(MATERIAL SHOWN Opens)

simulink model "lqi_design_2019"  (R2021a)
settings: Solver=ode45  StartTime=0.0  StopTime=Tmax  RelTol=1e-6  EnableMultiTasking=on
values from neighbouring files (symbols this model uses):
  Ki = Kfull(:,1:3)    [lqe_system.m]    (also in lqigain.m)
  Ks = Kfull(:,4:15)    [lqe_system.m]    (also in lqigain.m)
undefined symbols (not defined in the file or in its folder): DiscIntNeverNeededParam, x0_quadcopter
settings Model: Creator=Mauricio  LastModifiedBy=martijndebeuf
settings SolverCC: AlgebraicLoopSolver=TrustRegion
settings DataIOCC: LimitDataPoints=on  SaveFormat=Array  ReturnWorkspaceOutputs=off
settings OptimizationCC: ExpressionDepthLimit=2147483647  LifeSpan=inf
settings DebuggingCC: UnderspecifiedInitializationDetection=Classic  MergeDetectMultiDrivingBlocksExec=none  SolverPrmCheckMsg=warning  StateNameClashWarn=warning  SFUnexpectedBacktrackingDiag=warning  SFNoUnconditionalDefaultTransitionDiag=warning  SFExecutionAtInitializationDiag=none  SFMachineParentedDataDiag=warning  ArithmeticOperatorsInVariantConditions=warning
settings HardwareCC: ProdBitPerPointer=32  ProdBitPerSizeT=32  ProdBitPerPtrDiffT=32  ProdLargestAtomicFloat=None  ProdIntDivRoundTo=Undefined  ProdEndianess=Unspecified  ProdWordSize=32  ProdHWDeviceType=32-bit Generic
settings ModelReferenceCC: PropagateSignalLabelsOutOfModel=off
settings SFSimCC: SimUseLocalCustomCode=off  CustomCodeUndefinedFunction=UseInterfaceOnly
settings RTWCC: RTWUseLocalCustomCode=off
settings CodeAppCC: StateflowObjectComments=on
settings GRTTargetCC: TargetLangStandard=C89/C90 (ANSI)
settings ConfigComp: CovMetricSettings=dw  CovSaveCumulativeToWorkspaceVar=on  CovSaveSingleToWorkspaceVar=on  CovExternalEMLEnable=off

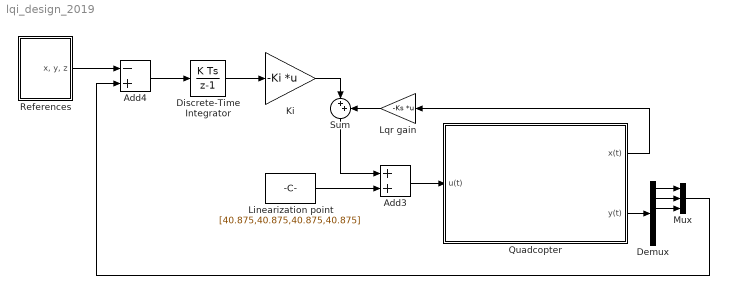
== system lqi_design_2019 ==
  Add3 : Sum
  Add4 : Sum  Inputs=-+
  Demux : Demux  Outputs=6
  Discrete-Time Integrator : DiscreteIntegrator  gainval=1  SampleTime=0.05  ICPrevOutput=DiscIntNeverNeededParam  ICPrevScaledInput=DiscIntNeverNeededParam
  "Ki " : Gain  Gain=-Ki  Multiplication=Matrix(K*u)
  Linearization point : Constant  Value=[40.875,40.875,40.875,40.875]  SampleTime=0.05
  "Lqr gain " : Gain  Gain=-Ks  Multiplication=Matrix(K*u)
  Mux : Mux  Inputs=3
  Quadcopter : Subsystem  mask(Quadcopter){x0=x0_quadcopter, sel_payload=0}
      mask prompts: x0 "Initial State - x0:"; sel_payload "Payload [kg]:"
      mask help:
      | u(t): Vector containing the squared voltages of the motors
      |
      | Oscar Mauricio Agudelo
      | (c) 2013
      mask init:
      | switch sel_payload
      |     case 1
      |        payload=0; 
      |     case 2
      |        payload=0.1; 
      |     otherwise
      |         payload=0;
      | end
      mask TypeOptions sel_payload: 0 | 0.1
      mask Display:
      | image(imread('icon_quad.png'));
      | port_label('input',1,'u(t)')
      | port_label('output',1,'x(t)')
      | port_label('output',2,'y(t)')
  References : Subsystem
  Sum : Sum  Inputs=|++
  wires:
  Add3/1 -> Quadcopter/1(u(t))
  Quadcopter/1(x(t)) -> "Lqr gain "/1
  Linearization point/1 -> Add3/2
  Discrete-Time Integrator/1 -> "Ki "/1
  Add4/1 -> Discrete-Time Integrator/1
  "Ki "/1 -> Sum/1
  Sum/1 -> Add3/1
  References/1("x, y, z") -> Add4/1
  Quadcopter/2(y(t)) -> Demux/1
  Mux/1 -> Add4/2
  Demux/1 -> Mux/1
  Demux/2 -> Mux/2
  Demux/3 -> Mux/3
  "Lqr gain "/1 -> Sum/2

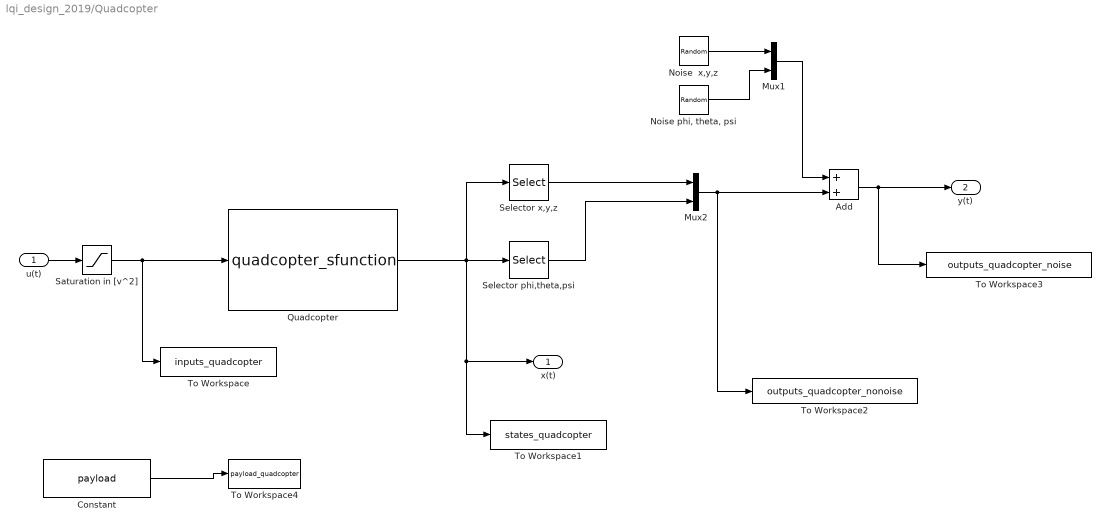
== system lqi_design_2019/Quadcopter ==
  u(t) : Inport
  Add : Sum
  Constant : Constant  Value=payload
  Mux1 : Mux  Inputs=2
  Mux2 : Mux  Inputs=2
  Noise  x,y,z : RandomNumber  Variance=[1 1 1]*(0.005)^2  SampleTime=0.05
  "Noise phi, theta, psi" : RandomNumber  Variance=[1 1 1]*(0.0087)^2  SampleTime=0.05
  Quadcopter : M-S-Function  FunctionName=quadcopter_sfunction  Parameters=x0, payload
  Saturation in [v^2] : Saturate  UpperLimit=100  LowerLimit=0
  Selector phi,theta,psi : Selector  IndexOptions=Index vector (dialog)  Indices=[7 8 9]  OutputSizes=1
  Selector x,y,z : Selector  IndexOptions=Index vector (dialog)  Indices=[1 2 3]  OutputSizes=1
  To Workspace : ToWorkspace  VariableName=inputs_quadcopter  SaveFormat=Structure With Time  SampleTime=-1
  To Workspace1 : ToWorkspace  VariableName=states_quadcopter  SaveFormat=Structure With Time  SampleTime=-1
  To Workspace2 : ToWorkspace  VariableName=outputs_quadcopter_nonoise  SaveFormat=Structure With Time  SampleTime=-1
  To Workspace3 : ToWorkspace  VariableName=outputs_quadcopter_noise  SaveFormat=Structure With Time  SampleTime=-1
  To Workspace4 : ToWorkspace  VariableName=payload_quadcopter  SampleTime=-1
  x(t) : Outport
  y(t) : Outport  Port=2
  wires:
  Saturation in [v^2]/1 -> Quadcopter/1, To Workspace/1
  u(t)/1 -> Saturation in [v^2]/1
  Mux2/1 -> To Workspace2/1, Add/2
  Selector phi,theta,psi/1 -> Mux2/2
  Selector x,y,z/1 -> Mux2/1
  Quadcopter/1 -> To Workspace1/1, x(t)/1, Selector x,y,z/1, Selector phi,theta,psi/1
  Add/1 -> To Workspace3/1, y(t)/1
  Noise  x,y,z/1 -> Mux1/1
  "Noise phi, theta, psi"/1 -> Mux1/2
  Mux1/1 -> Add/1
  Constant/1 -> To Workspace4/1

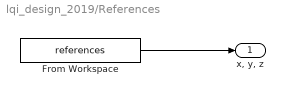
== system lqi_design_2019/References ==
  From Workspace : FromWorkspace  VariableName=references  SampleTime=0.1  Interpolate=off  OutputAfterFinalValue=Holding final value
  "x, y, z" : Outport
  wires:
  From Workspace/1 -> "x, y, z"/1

(MATERIAL SHOWN Closes)

Write out each entry exactly as given, omitting any picture.

simulink model "lqi_design_2019"  (R2021a)
settings: Solver=ode45  StartTime=0.0  StopTime=Tmax  RelTol=1e-6  EnableMultiTasking=on
values from neighbouring files (symbols this model uses):
  Ki = Kfull(:,1:3)    [lqe_system.m]    (also in lqigain.m)
  Ks = Kfull(:,4:15)    [lqe_system.m]    (also in lqigain.m)
undefined symbols (not defined in the file or in its folder): DiscIntNeverNeededParam, x0_quadcopter
settings Model: Creator=Mauricio  LastModifiedBy=martijndebeuf
settings SolverCC: AlgebraicLoopSolver=TrustRegion
settings DataIOCC: LimitDataPoints=on  SaveFormat=Array  ReturnWorkspaceOutputs=off
settings OptimizationCC: ExpressionDepthLimit=2147483647  LifeSpan=inf
settings DebuggingCC: UnderspecifiedInitializationDetection=Classic  MergeDetectMultiDrivingBlocksExec=none  SolverPrmCheckMsg=warning  StateNameClashWarn=warning  SFUnexpectedBacktrackingDiag=warning  SFNoUnconditionalDefaultTransitionDiag=warning  SFExecutionAtInitializationDiag=none  SFMachineParentedDataDiag=warning  ArithmeticOperatorsInVariantConditions=warning
settings HardwareCC: ProdBitPerPointer=32  ProdBitPerSizeT=32  ProdBitPerPtrDiffT=32  ProdLargestAtomicFloat=None  ProdIntDivRoundTo=Undefined  ProdEndianess=Unspecified  ProdWordSize=32  ProdHWDeviceType=32-bit Generic
settings ModelReferenceCC: PropagateSignalLabelsOutOfModel=off
settings SFSimCC: SimUseLocalCustomCode=off  CustomCodeUndefinedFunction=UseInterfaceOnly
settings RTWCC: RTWUseLocalCustomCode=off
settings CodeAppCC: StateflowObjectComments=on
settings GRTTargetCC: TargetLangStandard=C89/C90 (ANSI)
settings ConfigComp: CovMetricSettings=dw  CovSaveCumulativeToWorkspaceVar=on  CovSaveSingleToWorkspaceVar=on  CovExternalEMLEnable=off

== system lqi_design_2019 ==
  Add3 : Sum
  Add4 : Sum  Inputs=-+
  Demux : Demux  Outputs=6
  Discrete-Time Integrator : DiscreteIntegrator  gainval=1  SampleTime=0.05  ICPrevOutput=DiscIntNeverNeededParam  ICPrevScaledInput=DiscIntNeverNeededParam
  "Ki " : Gain  Gain=-Ki  Multiplication=Matrix(K*u)
  Linearization point : Constant  Value=[40.875,40.875,40.875,40.875]  SampleTime=0.05
  "Lqr gain " : Gain  Gain=-Ks  Multiplication=Matrix(K*u)
  Mux : Mux  Inputs=3
  Quadcopter : Subsystem  mask(Quadcopter){x0=x0_quadcopter, sel_payload=0}
      mask prompts: x0 "Initial State - x0:"; sel_payload "Payload [kg]:"
      mask help:
      | u(t): Vector containing the squared voltages of the motors
      |
      | Oscar Mauricio Agudelo
      | (c) 2013
      mask init:
      | switch sel_payload
      |     case 1
      |        payload=0; 
      |     case 2
      |        payload=0.1; 
      |     otherwise
      |         payload=0;
      | end
      mask TypeOptions sel_payload: 0 | 0.1
      mask Display:
      | image(imread('icon_quad.png'));
      | port_label('input',1,'u(t)')
      | port_label('output',1,'x(t)')
      | port_label('output',2,'y(t)')
  References : Subsystem
  Sum : Sum  Inputs=|++
  wires:
  Add3/1 -> Quadcopter/1(u(t))
  Quadcopter/1(x(t)) -> "Lqr gain "/1
  Linearization point/1 -> Add3/2
  Discrete-Time Integrator/1 -> "Ki "/1
  Add4/1 -> Discrete-Time Integrator/1
  "Ki "/1 -> Sum/1
  Sum/1 -> Add3/1
  References/1("x, y, z") -> Add4/1
  Quadcopter/2(y(t)) -> Demux/1
  Mux/1 -> Add4/2
  Demux/1 -> Mux/1
  Demux/2 -> Mux/2
  Demux/3 -> Mux/3
  "Lqr gain "/1 -> Sum/2

== system lqi_design_2019/Quadcopter ==
  u(t) : Inport
  Add : Sum
  Constant : Constant  Value=payload
  Mux1 : Mux  Inputs=2
  Mux2 : Mux  Inputs=2
  Noise  x,y,z : RandomNumber  Variance=[1 1 1]*(0.005)^2  SampleTime=0.05
  "Noise phi, theta, psi" : RandomNumber  Variance=[1 1 1]*(0.0087)^2  SampleTime=0.05
  Quadcopter : M-S-Function  FunctionName=quadcopter_sfunction  Parameters=x0, payload
  Saturation in [v^2] : Saturate  UpperLimit=100  LowerLimit=0
  Selector phi,theta,psi : Selector  IndexOptions=Index vector (dialog)  Indices=[7 8 9]  OutputSizes=1
  Selector x,y,z : Selector  IndexOptions=Index vector (dialog)  Indices=[1 2 3]  OutputSizes=1
  To Workspace : ToWorkspace  VariableName=inputs_quadcopter  SaveFormat=Structure With Time  SampleTime=-1
  To Workspace1 : ToWorkspace  VariableName=states_quadcopter  SaveFormat=Structure With Time  SampleTime=-1
  To Workspace2 : ToWorkspace  VariableName=outputs_quadcopter_nonoise  SaveFormat=Structure With Time  SampleTime=-1
  To Workspace3 : ToWorkspace  VariableName=outputs_quadcopter_noise  SaveFormat=Structure With Time  SampleTime=-1
  To Workspace4 : ToWorkspace  VariableName=payload_quadcopter  SampleTime=-1
  x(t) : Outport
  y(t) : Outport  Port=2
  wires:
  Saturation in [v^2]/1 -> Quadcopter/1, To Workspace/1
  u(t)/1 -> Saturation in [v^2]/1
  Mux2/1 -> To Workspace2/1, Add/2
  Selector phi,theta,psi/1 -> Mux2/2
  Selector x,y,z/1 -> Mux2/1
  Quadcopter/1 -> To Workspace1/1, x(t)/1, Selector x,y,z/1, Selector phi,theta,psi/1
  Add/1 -> To Workspace3/1, y(t)/1
  Noise  x,y,z/1 -> Mux1/1
  "Noise phi, theta, psi"/1 -> Mux1/2
  Mux1/1 -> Add/1
  Constant/1 -> To Workspace4/1

== system lqi_design_2019/References ==
  From Workspace : FromWorkspace  VariableName=references  SampleTime=0.1  Interpolate=off  OutputAfterFinalValue=Holding final value
  "x, y, z" : Outport
  wires:
  From Workspace/1 -> "x, y, z"/1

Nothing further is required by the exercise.